Reproduce exactly the lines below from the one containing "#111=DIRECTION('',(1.,0.,0.));" through the one containing "#133=ORIENTED_EDGE('',*,*,#132,.T.);", including both, and nothing else.

..........

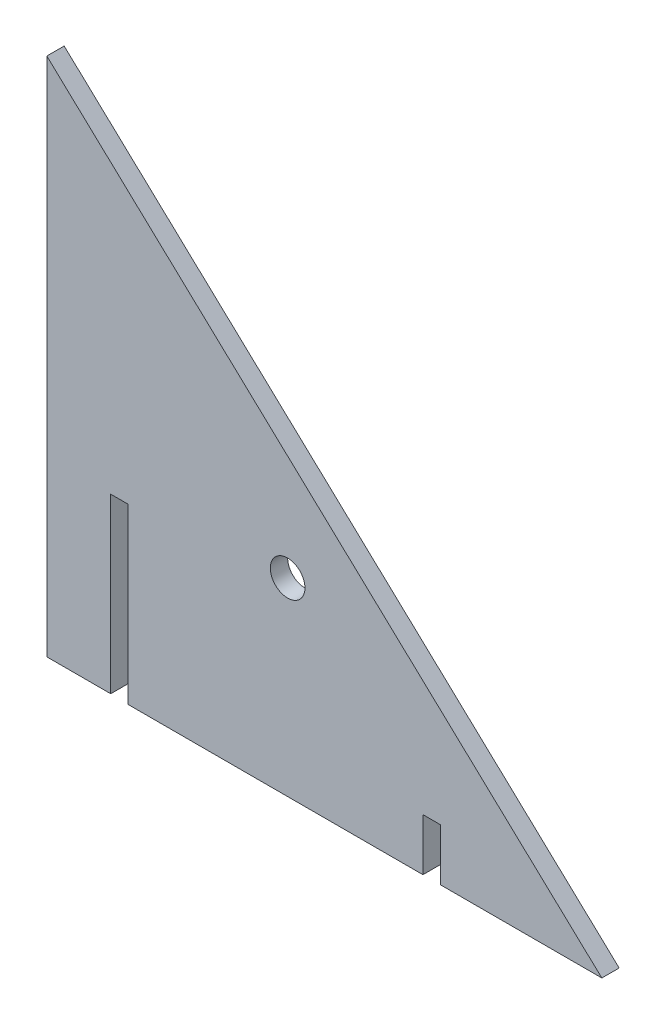
ISO-10303-21;
HEADER;
FILE_DESCRIPTION(('STEP AP214'),'2;1');
FILE_NAME('part.step','',(''),(''),'','','');
FILE_SCHEMA(('AUTOMOTIVE_DESIGN { 1 0 10303 214 1 1 1 1 }'));
ENDSEC;
DATA;
#1=APPLICATION_CONTEXT('core data for automotive mechanical design processes');
#2=APPLICATION_PROTOCOL_DEFINITION('international standard','automotive_design',2000,#1);
#3=PRODUCT_CONTEXT('',#1,'mechanical');
#4=PRODUCT('Part','Part','',(#3));
#5=PRODUCT_RELATED_PRODUCT_CATEGORY('part','',(#4));
#6=PRODUCT_DEFINITION_FORMATION('','',#4);
#7=PRODUCT_DEFINITION_CONTEXT('part definition',#1,'design');
#8=PRODUCT_DEFINITION('design','',#6,#7);
#9=PRODUCT_DEFINITION_SHAPE('','',#8);
#10=(LENGTH_UNIT() NAMED_UNIT(*) SI_UNIT(.MILLI.,.METRE.));
#11=(NAMED_UNIT(*) PLANE_ANGLE_UNIT() SI_UNIT($,.RADIAN.));
#12=(NAMED_UNIT(*) SI_UNIT($,.STERADIAN.) SOLID_ANGLE_UNIT());
#13=UNCERTAINTY_MEASURE_WITH_UNIT(LENGTH_MEASURE(1.E-05),#10,'distance_accuracy_value','');
#14=(GEOMETRIC_REPRESENTATION_CONTEXT(3) GLOBAL_UNCERTAINTY_ASSIGNED_CONTEXT((#13)) GLOBAL_UNIT_ASSIGNED_CONTEXT((#10,
#11,#12)) REPRESENTATION_CONTEXT('',''));
#15=CARTESIAN_POINT('',(0.,0.,0.));
#16=DIRECTION('',(0.,0.,1.));
#17=DIRECTION('',(1.,0.,0.));
#18=AXIS2_PLACEMENT_3D('',#15,#16,#17);
#19=CARTESIAN_POINT('',(0.,502.62579108452,76.2));
#20=DIRECTION('',(0.,1.,0.));
#21=DIRECTION('',(0.,0.,1.));
#22=AXIS2_PLACEMENT_3D('',#19,#20,#21);
#23=PLANE('',#22);
#24=DIRECTION('',(1.,0.,0.));
#25=VECTOR('',#24,1.);
#26=CARTESIAN_POINT('',(0.,502.62579108452,63.5));
#27=LINE('',#26,#25);
#28=CARTESIAN_POINT('',(2235.2,502.62579108452,63.5));
#29=VERTEX_POINT('',#28);
#30=CARTESIAN_POINT('',(2247.9,502.62579108452,63.5));
#31=VERTEX_POINT('',#30);
#32=EDGE_CURVE('E169',#29,#31,#27,.T.);
#33=ORIENTED_EDGE('',*,*,#32,.T.);
#34=DIRECTION('',(0.,0.,-1.));
#35=VECTOR('',#34,1.);
#36=CARTESIAN_POINT('',(2247.9,502.62579108452,76.2));
#37=LINE('',#36,#35);
#38=CARTESIAN_POINT('',(2247.9,502.62579108452,76.2));
#39=VERTEX_POINT('',#38);
#40=EDGE_CURVE('E151',#39,#31,#37,.T.);
#41=ORIENTED_EDGE('',*,*,#40,.F.);
#42=DIRECTION('',(1.,0.,0.));
#43=VECTOR('',#42,1.);
#44=CARTESIAN_POINT('',(0.,502.62579108452,76.2));
#45=LINE('',#44,#43);
#46=CARTESIAN_POINT('',(2235.2,502.62579108452,76.2));
#47=VERTEX_POINT('',#46);
#48=EDGE_CURVE('E197',#47,#39,#45,.T.);
#49=ORIENTED_EDGE('',*,*,#48,.F.);
#50=DIRECTION('',(0.,0.,-1.));
#51=VECTOR('',#50,1.);
#52=CARTESIAN_POINT('',(2235.2,502.62579108452,76.2));
#53=LINE('',#52,#51);
#54=EDGE_CURVE('E154',#47,#29,#53,.T.);
#55=ORIENTED_EDGE('',*,*,#54,.T.);
#56=EDGE_LOOP('',(#33,#41,#49,#55));
#57=FACE_BOUND('',#56,.T.);
#58=ADVANCED_FACE('F45',(#57),#23,.F.);
#59=CARTESIAN_POINT('',(2247.9,0.,76.2));
#60=DIRECTION('',(1.,0.,0.));
#61=DIRECTION('',(0.,0.,-1.));
#62=AXIS2_PLACEMENT_3D('',#59,#60,#61);
#63=PLANE('',#62);
#64=DIRECTION('',(0.,-1.,0.));
#65=VECTOR('',#64,1.);
#66=CARTESIAN_POINT('',(2247.9,0.,63.5));
#67=LINE('',#66,#65);
#68=CARTESIAN_POINT('',(2247.9,375.62579108452,63.5));
#69=VERTEX_POINT('',#68);
#70=EDGE_CURVE('E67',#31,#69,#67,.T.);
#71=ORIENTED_EDGE('',*,*,#70,.T.);
#72=DIRECTION('',(0.,0.,-1.));
#73=VECTOR('',#72,1.);
#74=CARTESIAN_POINT('',(2247.9,375.62579108452,76.2));
#75=LINE('',#74,#73);
#76=CARTESIAN_POINT('',(2247.9,375.62579108452,76.2));
#77=VERTEX_POINT('',#76);
#78=EDGE_CURVE('E148',#77,#69,#75,.T.);
#79=ORIENTED_EDGE('',*,*,#78,.F.);
#80=DIRECTION('',(0.,-1.,0.));
#81=VECTOR('',#80,1.);
#82=CARTESIAN_POINT('',(2247.9,0.,76.2));
#83=LINE('',#82,#81);
#84=EDGE_CURVE('E108',#39,#77,#83,.T.);
#85=ORIENTED_EDGE('',*,*,#84,.F.);
#86=ORIENTED_EDGE('',*,*,#40,.T.);
#87=EDGE_LOOP('',(#71,#79,#85,#86));
#88=FACE_BOUND('',#87,.T.);
#89=ADVANCED_FACE('F147',(#88),#63,.F.);
#90=CARTESIAN_POINT('',(0.,375.62579108452,76.2));
#91=DIRECTION('',(0.,1.,0.));
#92=DIRECTION('',(0.,0.,1.));
#93=AXIS2_PLACEMENT_3D('',#90,#91,#92);
#94=PLANE('',#93);
#95=DIRECTION('',(1.,0.,0.));
#96=VECTOR('',#95,1.);
#97=CARTESIAN_POINT('',(0.,375.62579108452,63.5));
#98=LINE('',#97,#96);
#99=CARTESIAN_POINT('',(2463.8,375.62579108452,63.5));
#100=VERTEX_POINT('',#99);
#101=EDGE_CURVE('E144',#69,#100,#98,.T.);
#102=ORIENTED_EDGE('',*,*,#101,.T.);
#103=DIRECTION('',(0.,0.,-1.));
#104=VECTOR('',#103,1.);
#105=CARTESIAN_POINT('',(2463.8,375.62579108452,76.2));
#106=LINE('',#105,#104);
#107=CARTESIAN_POINT('',(2463.8,375.62579108452,76.2));
#108=VERTEX_POINT('',#107);
#109=EDGE_CURVE('E233',#108,#100,#106,.T.);
#110=ORIENTED_EDGE('',*,*,#109,.F.);
#111=DIRECTION('',(1.,0.,0.));
#112=VECTOR('',#111,1.);
#113=CARTESIAN_POINT('',(0.,375.62579108452,76.2));
#114=LINE('',#113,#112);
#115=EDGE_CURVE('E157',#77,#108,#114,.T.);
#116=ORIENTED_EDGE('',*,*,#115,.F.);
#117=ORIENTED_EDGE('',*,*,#78,.T.);
#118=EDGE_LOOP('',(#102,#110,#116,#117));
#119=FACE_BOUND('',#118,.T.);
#120=ADVANCED_FACE('F156',(#119),#94,.F.);
#121=CARTESIAN_POINT('',(2463.8,0.,76.2));
#122=DIRECTION('',(-1.,0.,0.));
#123=DIRECTION('',(0.,0.,1.));
#124=AXIS2_PLACEMENT_3D('',#121,#122,#123);
#125=PLANE('',#124);
#126=DIRECTION('',(0.,1.,0.));
#127=VECTOR('',#126,1.);
#128=CARTESIAN_POINT('',(2463.8,0.,63.5));
#129=LINE('',#128,#127);
#130=CARTESIAN_POINT('',(2463.8,413.72579108452,63.5));
#131=VERTEX_POINT('',#130);
#132=EDGE_CURVE('E158',#100,#131,#129,.T.);
#133=ORIENTED_EDGE('',*,*,#132,.T.);
#134=DIRECTION('',(0.,0.,-1.));
#135=VECTOR('',#134,1.);
#136=CARTESIAN_POINT('',(2463.8,413.72579108452,76.2));
#137=LINE('',#136,#135);
#138=CARTESIAN_POINT('',(2463.8,413.72579108452,76.2));
#139=VERTEX_POINT('',#138);
#140=EDGE_CURVE('E231',#139,#131,#137,.T.);
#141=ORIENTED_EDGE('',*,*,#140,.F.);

..........

EXERCISE OUTPUT:
#111=DIRECTION('',(1.,0.,0.));
#112=VECTOR('',#111,1.);
#113=CARTESIAN_POINT('',(0.,375.62579108452,76.2));
#114=LINE('',#113,#112);
#115=EDGE_CURVE('E157',#77,#108,#114,.T.);
#116=ORIENTED_EDGE('',*,*,#115,.F.);
#117=ORIENTED_EDGE('',*,*,#78,.T.);
#118=EDGE_LOOP('',(#102,#110,#116,#117));
#119=FACE_BOUND('',#118,.T.);
#120=ADVANCED_FACE('F156',(#119),#94,.F.);
#121=CARTESIAN_POINT('',(2463.8,0.,76.2));
#122=DIRECTION('',(-1.,0.,0.));
#123=DIRECTION('',(0.,0.,1.));
#124=AXIS2_PLACEMENT_3D('',#121,#122,#123);
#125=PLANE('',#124);
#126=DIRECTION('',(0.,1.,0.));
#127=VECTOR('',#126,1.);
#128=CARTESIAN_POINT('',(2463.8,0.,63.5));
#129=LINE('',#128,#127);
#130=CARTESIAN_POINT('',(2463.8,413.72579108452,63.5));
#131=VERTEX_POINT('',#130);
#132=EDGE_CURVE('E158',#100,#131,#129,.T.);
#133=ORIENTED_EDGE('',*,*,#132,.T.);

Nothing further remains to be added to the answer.